◆ TASK PROMPT
Transcribe the listing underneath, keeping each word exact and omitting the images.

◆ DATA TO PROCESS
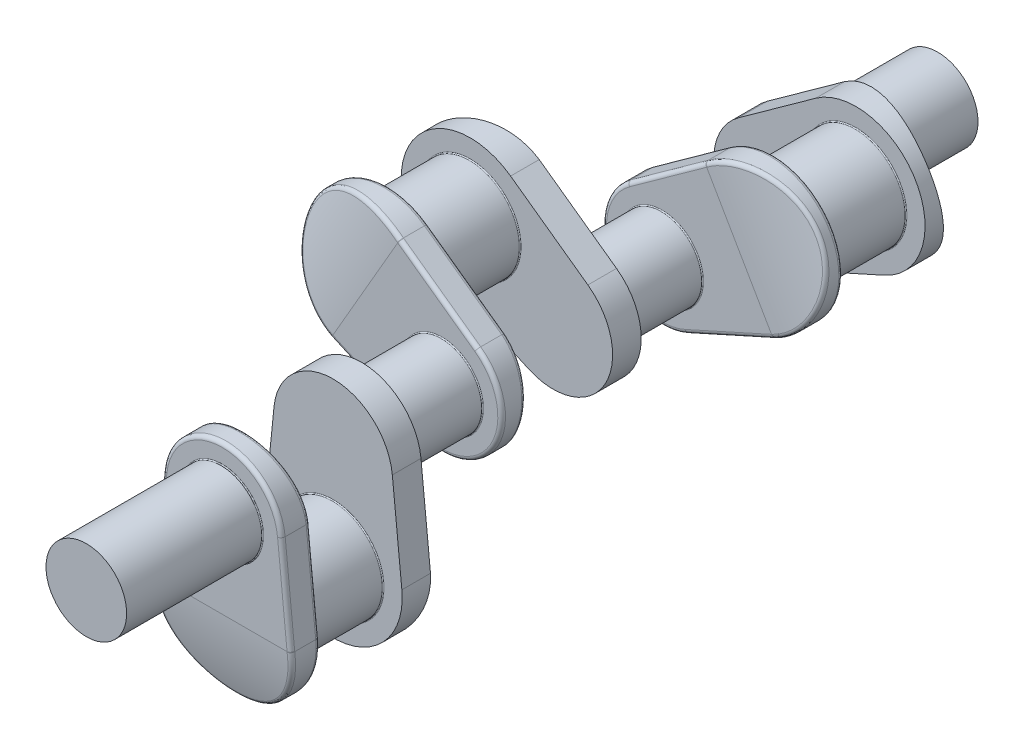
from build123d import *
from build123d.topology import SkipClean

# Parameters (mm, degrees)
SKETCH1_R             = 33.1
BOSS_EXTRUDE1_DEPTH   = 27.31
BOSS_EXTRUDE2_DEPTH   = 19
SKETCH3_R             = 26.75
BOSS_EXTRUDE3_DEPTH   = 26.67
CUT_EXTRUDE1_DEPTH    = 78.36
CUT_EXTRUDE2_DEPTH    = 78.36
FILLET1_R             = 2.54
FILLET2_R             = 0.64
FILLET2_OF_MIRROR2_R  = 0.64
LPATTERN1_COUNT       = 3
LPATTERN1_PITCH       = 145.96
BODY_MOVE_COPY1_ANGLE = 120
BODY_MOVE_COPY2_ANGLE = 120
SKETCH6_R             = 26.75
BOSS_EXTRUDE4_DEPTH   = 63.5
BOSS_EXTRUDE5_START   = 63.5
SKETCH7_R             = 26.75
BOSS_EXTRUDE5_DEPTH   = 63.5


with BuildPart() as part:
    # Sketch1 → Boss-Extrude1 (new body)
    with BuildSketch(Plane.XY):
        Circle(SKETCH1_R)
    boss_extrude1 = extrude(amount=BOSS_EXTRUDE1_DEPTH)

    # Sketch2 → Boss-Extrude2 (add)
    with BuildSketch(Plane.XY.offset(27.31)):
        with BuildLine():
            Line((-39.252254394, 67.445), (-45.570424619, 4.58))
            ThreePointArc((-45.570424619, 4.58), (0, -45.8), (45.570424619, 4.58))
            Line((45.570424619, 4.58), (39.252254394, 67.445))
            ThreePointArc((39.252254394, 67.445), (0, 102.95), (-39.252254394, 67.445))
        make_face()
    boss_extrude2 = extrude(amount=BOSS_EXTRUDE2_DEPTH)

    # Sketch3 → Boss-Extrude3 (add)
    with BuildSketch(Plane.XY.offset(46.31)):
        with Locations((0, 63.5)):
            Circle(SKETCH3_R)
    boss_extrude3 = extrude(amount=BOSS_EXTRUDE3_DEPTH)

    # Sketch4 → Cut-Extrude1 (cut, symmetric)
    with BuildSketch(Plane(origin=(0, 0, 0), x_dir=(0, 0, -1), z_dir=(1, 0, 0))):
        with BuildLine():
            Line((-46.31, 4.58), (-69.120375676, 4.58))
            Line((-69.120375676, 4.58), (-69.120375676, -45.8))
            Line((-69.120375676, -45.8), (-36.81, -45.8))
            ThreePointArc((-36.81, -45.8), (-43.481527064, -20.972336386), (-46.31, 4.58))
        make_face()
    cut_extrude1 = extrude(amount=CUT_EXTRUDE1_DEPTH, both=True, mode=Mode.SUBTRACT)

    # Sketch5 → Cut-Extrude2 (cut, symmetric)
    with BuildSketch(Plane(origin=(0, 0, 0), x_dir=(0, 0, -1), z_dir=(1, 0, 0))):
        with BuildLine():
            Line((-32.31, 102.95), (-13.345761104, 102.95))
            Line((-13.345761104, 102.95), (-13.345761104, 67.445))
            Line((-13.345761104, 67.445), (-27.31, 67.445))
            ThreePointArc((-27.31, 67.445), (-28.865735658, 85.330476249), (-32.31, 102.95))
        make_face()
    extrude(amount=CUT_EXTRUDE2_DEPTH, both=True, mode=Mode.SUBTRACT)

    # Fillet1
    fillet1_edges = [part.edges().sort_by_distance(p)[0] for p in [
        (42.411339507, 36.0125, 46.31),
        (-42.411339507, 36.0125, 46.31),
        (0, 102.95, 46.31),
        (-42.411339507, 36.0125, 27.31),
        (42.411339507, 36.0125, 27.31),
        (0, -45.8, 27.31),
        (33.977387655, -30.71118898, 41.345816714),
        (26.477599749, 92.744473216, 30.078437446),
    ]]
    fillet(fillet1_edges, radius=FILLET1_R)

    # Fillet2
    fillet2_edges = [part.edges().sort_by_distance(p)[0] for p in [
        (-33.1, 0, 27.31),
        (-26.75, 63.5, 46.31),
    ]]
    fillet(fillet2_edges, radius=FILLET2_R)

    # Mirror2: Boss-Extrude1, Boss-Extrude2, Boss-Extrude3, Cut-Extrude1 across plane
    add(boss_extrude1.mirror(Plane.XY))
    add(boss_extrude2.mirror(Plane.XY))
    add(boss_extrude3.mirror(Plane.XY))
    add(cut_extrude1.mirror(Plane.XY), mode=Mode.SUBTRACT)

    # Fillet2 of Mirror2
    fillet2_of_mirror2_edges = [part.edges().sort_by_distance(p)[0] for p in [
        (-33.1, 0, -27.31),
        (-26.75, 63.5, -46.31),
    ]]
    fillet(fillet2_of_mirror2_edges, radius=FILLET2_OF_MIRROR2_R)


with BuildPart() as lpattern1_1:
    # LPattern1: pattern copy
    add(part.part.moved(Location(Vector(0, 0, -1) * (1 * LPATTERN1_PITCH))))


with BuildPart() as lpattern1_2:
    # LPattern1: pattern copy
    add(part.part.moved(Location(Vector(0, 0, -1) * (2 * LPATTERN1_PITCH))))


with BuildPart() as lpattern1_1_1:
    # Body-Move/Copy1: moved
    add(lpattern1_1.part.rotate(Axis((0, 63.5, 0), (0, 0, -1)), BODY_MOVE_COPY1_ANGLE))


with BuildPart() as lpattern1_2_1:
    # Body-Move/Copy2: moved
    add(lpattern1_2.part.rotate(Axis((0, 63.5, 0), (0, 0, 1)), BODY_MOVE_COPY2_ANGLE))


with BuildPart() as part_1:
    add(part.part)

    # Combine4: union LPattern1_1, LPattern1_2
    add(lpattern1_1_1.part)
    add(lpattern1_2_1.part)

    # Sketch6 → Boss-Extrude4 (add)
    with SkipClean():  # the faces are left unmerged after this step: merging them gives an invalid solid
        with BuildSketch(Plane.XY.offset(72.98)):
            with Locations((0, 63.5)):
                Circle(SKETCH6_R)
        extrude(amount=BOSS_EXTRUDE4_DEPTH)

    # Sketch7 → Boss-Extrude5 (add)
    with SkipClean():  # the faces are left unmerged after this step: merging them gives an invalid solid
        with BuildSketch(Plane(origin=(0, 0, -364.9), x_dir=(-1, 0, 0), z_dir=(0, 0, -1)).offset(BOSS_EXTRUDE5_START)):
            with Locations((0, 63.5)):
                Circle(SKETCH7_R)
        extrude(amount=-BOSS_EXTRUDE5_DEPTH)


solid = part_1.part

◆ RESULT OF THIS TASK
from build123d import *
from build123d.topology import SkipClean

# Parameters (mm, degrees)
SKETCH1_R             = 33.1
BOSS_EXTRUDE1_DEPTH   = 27.31
BOSS_EXTRUDE2_DEPTH   = 19
SKETCH3_R             = 26.75
BOSS_EXTRUDE3_DEPTH   = 26.67
CUT_EXTRUDE1_DEPTH    = 78.36
CUT_EXTRUDE2_DEPTH    = 78.36
FILLET1_R             = 2.54
FILLET2_R             = 0.64
FILLET2_OF_MIRROR2_R  = 0.64
LPATTERN1_COUNT       = 3
LPATTERN1_PITCH       = 145.96
BODY_MOVE_COPY1_ANGLE = 120
BODY_MOVE_COPY2_ANGLE = 120
SKETCH6_R             = 26.75
BOSS_EXTRUDE4_DEPTH   = 63.5
BOSS_EXTRUDE5_START   = 63.5
SKETCH7_R             = 26.75
BOSS_EXTRUDE5_DEPTH   = 63.5


with BuildPart() as part:
    # Sketch1 → Boss-Extrude1 (new body)
    with BuildSketch(Plane.XY):
        Circle(SKETCH1_R)
    boss_extrude1 = extrude(amount=BOSS_EXTRUDE1_DEPTH)

    # Sketch2 → Boss-Extrude2 (add)
    with BuildSketch(Plane.XY.offset(27.31)):
        with BuildLine():
            Line((-39.252254394, 67.445), (-45.570424619, 4.58))
            ThreePointArc((-45.570424619, 4.58), (0, -45.8), (45.570424619, 4.58))
            Line((45.570424619, 4.58), (39.252254394, 67.445))
            ThreePointArc((39.252254394, 67.445), (0, 102.95), (-39.252254394, 67.445))
        make_face()
    boss_extrude2 = extrude(amount=BOSS_EXTRUDE2_DEPTH)

    # Sketch3 → Boss-Extrude3 (add)
    with BuildSketch(Plane.XY.offset(46.31)):
        with Locations((0, 63.5)):
            Circle(SKETCH3_R)
    boss_extrude3 = extrude(amount=BOSS_EXTRUDE3_DEPTH)

    # Sketch4 → Cut-Extrude1 (cut, symmetric)
    with BuildSketch(Plane(origin=(0, 0, 0), x_dir=(0, 0, -1), z_dir=(1, 0, 0))):
        with BuildLine():
            Line((-46.31, 4.58), (-69.120375676, 4.58))
            Line((-69.120375676, 4.58), (-69.120375676, -45.8))
            Line((-69.120375676, -45.8), (-36.81, -45.8))
            ThreePointArc((-36.81, -45.8), (-43.481527064, -20.972336386), (-46.31, 4.58))
        make_face()
    cut_extrude1 = extrude(amount=CUT_EXTRUDE1_DEPTH, both=True, mode=Mode.SUBTRACT)

    # Sketch5 → Cut-Extrude2 (cut, symmetric)
    with BuildSketch(Plane(origin=(0, 0, 0), x_dir=(0, 0, -1), z_dir=(1, 0, 0))):
        with BuildLine():
            Line((-32.31, 102.95), (-13.345761104, 102.95))
            Line((-13.345761104, 102.95), (-13.345761104, 67.445))
            Line((-13.345761104, 67.445), (-27.31, 67.445))
            ThreePointArc((-27.31, 67.445), (-28.865735658, 85.330476249), (-32.31, 102.95))
        make_face()
    extrude(amount=CUT_EXTRUDE2_DEPTH, both=True, mode=Mode.SUBTRACT)

    # Fillet1
    fillet1_edges = [part.edges().sort_by_distance(p)[0] for p in [
        (42.411339507, 36.0125, 46.31),
        (-42.411339507, 36.0125, 46.31),
        (0, 102.95, 46.31),
        (-42.411339507, 36.0125, 27.31),
        (42.411339507, 36.0125, 27.31),
        (0, -45.8, 27.31),
        (33.977387655, -30.71118898, 41.345816714),
        (26.477599749, 92.744473216, 30.078437446),
    ]]
    fillet(fillet1_edges, radius=FILLET1_R)

    # Fillet2
    fillet2_edges = [part.edges().sort_by_distance(p)[0] for p in [
        (-33.1, 0, 27.31),
        (-26.75, 63.5, 46.31),
    ]]
    fillet(fillet2_edges, radius=FILLET2_R)

    # Mirror2: Boss-Extrude1, Boss-Extrude2, Boss-Extrude3, Cut-Extrude1 across plane
    add(boss_extrude1.mirror(Plane.XY))
    add(boss_extrude2.mirror(Plane.XY))
    add(boss_extrude3.mirror(Plane.XY))
    add(cut_extrude1.mirror(Plane.XY), mode=Mode.SUBTRACT)

    # Fillet2 of Mirror2
    fillet2_of_mirror2_edges = [part.edges().sort_by_distance(p)[0] for p in [
        (-33.1, 0, -27.31),
        (-26.75, 63.5, -46.31),
    ]]
    fillet(fillet2_of_mirror2_edges, radius=FILLET2_OF_MIRROR2_R)


with BuildPart() as lpattern1_1:
    # LPattern1: pattern copy
    add(part.part.moved(Location(Vector(0, 0, -1) * (1 * LPATTERN1_PITCH))))


with BuildPart() as lpattern1_2:
    # LPattern1: pattern copy
    add(part.part.moved(Location(Vector(0, 0, -1) * (2 * LPATTERN1_PITCH))))


with BuildPart() as lpattern1_1_1:
    # Body-Move/Copy1: moved
    add(lpattern1_1.part.rotate(Axis((0, 63.5, 0), (0, 0, -1)), BODY_MOVE_COPY1_ANGLE))


with BuildPart() as lpattern1_2_1:
    # Body-Move/Copy2: moved
    add(lpattern1_2.part.rotate(Axis((0, 63.5, 0), (0, 0, 1)), BODY_MOVE_COPY2_ANGLE))


with BuildPart() as part_1:
    add(part.part)

    # Combine4: union LPattern1_1, LPattern1_2
    add(lpattern1_1_1.part)
    add(lpattern1_2_1.part)

    # Sketch6 → Boss-Extrude4 (add)
    with SkipClean():  # the faces are left unmerged after this step: merging them gives an invalid solid
        with BuildSketch(Plane.XY.offset(72.98)):
            with Locations((0, 63.5)):
                Circle(SKETCH6_R)
        extrude(amount=BOSS_EXTRUDE4_DEPTH)

    # Sketch7 → Boss-Extrude5 (add)
    with SkipClean():  # the faces are left unmerged after this step: merging them gives an invalid solid
        with BuildSketch(Plane(origin=(0, 0, -364.9), x_dir=(-1, 0, 0), z_dir=(0, 0, -1)).offset(BOSS_EXTRUDE5_START)):
            with Locations((0, 63.5)):
                Circle(SKETCH7_R)
        extrude(amount=-BOSS_EXTRUDE5_DEPTH)


solid = part_1.part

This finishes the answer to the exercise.